[[ MATERIAL FOR THIS EXERCISE, beginning ]]

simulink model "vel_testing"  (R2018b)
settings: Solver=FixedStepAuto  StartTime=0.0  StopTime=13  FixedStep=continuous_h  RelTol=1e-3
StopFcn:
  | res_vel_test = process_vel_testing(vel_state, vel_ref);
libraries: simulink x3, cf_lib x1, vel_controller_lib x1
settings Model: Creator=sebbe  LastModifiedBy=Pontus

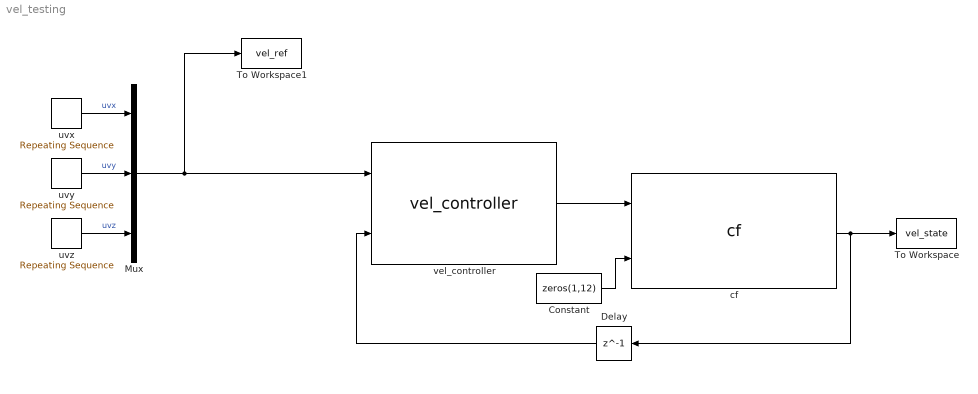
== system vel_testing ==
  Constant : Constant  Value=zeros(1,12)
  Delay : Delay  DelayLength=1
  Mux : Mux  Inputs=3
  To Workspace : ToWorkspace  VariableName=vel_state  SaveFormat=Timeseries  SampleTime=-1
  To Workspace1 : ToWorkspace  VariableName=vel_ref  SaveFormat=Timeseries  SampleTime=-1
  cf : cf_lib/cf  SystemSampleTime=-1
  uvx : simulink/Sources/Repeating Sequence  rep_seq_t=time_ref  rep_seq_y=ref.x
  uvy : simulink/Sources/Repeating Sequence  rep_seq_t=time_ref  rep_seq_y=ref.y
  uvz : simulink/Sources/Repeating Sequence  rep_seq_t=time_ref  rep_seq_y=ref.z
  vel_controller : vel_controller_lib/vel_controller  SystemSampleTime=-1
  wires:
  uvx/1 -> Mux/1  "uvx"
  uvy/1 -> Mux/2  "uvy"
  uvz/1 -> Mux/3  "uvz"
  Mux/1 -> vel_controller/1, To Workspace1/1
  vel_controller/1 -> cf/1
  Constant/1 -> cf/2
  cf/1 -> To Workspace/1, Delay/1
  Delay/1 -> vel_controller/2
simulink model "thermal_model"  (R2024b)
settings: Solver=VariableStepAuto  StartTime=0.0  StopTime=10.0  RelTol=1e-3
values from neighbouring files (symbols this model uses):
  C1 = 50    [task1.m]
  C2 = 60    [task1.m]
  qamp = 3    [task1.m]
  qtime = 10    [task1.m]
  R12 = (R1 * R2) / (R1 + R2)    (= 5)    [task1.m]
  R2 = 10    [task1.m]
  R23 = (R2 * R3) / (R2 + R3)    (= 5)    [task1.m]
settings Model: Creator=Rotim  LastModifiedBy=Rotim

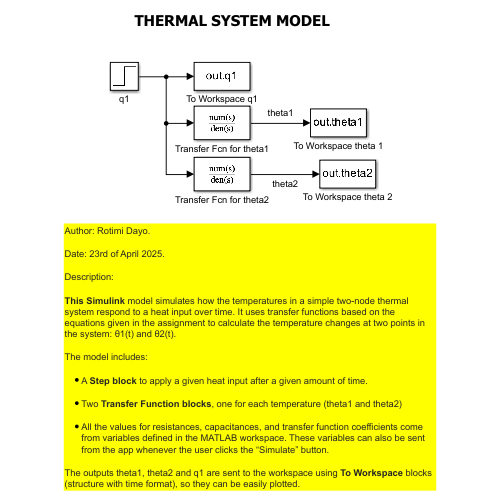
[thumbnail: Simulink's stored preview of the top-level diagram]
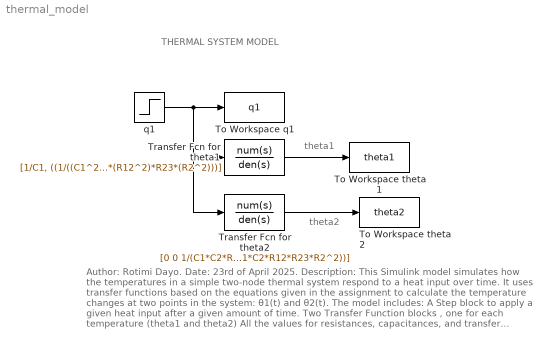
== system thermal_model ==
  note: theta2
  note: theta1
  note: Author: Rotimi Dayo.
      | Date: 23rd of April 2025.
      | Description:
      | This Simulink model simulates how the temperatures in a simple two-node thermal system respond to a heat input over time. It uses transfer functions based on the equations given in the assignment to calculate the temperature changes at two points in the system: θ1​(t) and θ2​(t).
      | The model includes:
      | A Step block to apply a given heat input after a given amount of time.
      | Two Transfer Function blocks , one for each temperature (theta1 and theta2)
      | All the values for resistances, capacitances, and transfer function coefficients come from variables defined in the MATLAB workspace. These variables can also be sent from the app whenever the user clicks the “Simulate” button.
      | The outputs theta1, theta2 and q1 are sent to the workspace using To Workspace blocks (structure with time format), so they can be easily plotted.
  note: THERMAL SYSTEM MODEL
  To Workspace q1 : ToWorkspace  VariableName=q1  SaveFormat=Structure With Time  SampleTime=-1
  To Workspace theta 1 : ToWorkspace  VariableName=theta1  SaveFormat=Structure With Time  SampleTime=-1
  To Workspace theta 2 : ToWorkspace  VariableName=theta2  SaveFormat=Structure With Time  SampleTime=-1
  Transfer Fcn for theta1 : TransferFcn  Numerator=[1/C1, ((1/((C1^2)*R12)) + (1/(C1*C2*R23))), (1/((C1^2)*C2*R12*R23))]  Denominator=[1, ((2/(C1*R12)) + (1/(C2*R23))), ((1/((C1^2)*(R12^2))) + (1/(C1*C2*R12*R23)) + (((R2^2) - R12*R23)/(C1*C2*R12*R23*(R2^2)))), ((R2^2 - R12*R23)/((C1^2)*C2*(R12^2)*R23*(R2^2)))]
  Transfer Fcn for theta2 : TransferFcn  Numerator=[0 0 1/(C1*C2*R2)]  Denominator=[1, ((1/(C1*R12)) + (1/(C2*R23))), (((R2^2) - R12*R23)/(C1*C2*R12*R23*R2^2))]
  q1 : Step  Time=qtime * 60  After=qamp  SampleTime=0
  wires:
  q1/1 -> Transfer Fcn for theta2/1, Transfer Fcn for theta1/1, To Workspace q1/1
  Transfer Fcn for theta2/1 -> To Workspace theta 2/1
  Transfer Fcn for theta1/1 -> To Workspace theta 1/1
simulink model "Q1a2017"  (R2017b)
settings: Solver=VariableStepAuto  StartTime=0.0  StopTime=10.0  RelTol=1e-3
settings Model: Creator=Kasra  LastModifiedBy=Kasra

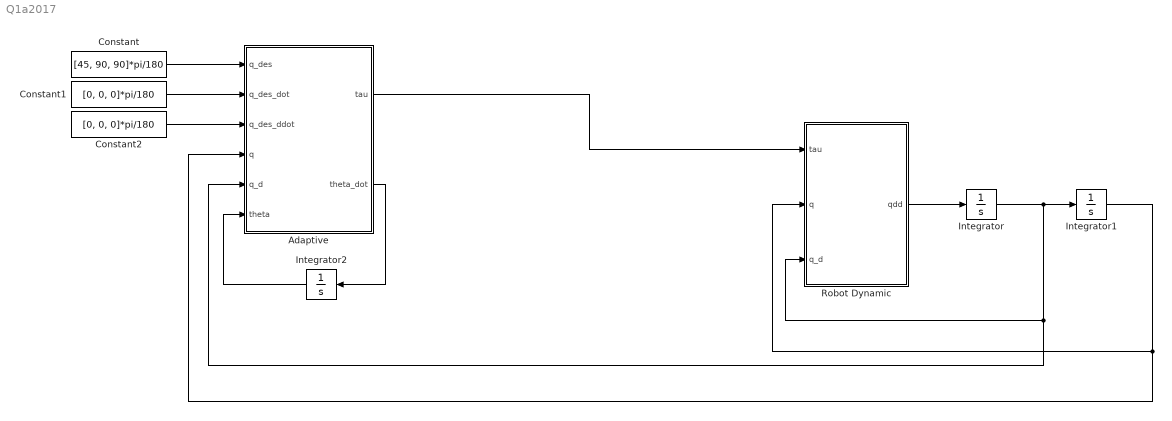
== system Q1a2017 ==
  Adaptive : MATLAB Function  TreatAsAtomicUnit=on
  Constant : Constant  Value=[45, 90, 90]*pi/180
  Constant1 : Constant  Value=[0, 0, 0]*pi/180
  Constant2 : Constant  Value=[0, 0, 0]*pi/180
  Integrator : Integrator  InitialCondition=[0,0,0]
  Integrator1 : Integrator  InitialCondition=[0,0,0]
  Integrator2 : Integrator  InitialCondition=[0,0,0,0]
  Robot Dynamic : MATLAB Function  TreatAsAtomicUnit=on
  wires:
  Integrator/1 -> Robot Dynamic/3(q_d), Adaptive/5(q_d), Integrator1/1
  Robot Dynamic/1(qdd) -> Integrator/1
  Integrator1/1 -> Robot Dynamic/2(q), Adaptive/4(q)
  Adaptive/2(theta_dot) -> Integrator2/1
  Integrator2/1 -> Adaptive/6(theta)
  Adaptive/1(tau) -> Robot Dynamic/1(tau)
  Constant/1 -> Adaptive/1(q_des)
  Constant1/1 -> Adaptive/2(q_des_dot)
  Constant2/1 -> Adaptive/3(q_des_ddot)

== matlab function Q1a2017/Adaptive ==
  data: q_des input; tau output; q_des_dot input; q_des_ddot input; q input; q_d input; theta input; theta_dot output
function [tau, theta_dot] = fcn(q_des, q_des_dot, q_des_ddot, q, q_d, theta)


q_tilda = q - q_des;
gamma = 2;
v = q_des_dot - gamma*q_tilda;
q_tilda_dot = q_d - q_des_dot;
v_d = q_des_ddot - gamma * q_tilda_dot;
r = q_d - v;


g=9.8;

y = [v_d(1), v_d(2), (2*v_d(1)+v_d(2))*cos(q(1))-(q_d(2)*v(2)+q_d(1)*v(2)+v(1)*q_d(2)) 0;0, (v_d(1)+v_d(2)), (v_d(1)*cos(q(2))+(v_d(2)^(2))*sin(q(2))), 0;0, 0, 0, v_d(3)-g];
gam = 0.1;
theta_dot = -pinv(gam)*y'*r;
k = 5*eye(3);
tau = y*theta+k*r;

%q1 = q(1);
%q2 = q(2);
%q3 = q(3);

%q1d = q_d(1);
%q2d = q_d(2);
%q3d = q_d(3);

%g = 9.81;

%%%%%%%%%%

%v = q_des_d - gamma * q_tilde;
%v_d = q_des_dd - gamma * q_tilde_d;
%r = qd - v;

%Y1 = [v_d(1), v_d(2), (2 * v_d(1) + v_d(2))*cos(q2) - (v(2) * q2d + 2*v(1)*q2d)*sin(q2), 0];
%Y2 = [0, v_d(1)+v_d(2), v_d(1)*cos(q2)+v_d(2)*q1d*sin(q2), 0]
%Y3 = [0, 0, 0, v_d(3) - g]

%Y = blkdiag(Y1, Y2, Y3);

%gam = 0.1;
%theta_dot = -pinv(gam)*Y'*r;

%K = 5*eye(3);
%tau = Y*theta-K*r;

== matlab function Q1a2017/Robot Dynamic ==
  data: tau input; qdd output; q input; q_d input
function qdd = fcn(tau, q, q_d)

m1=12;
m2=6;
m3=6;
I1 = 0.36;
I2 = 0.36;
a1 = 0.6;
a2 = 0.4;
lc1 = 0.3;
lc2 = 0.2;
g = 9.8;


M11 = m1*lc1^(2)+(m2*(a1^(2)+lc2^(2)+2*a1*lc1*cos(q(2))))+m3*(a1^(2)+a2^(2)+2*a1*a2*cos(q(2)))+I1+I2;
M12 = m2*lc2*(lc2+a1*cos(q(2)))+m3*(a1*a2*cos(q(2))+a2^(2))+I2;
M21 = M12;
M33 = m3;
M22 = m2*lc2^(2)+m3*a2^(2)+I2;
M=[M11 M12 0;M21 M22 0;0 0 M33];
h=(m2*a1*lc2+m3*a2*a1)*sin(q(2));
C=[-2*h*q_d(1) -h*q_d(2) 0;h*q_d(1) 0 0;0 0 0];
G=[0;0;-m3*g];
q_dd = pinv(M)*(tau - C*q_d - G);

[[ MATERIAL FOR THIS EXERCISE, end ]]

* EXERCISE AIM *
Copy every line from the entries that contains the word "qtime".

* RESPONSE TO THE EXERCISE *
  qtime = 10    [task1.m]
  q1 : Step  Time=qtime * 60  After=qamp  SampleTime=0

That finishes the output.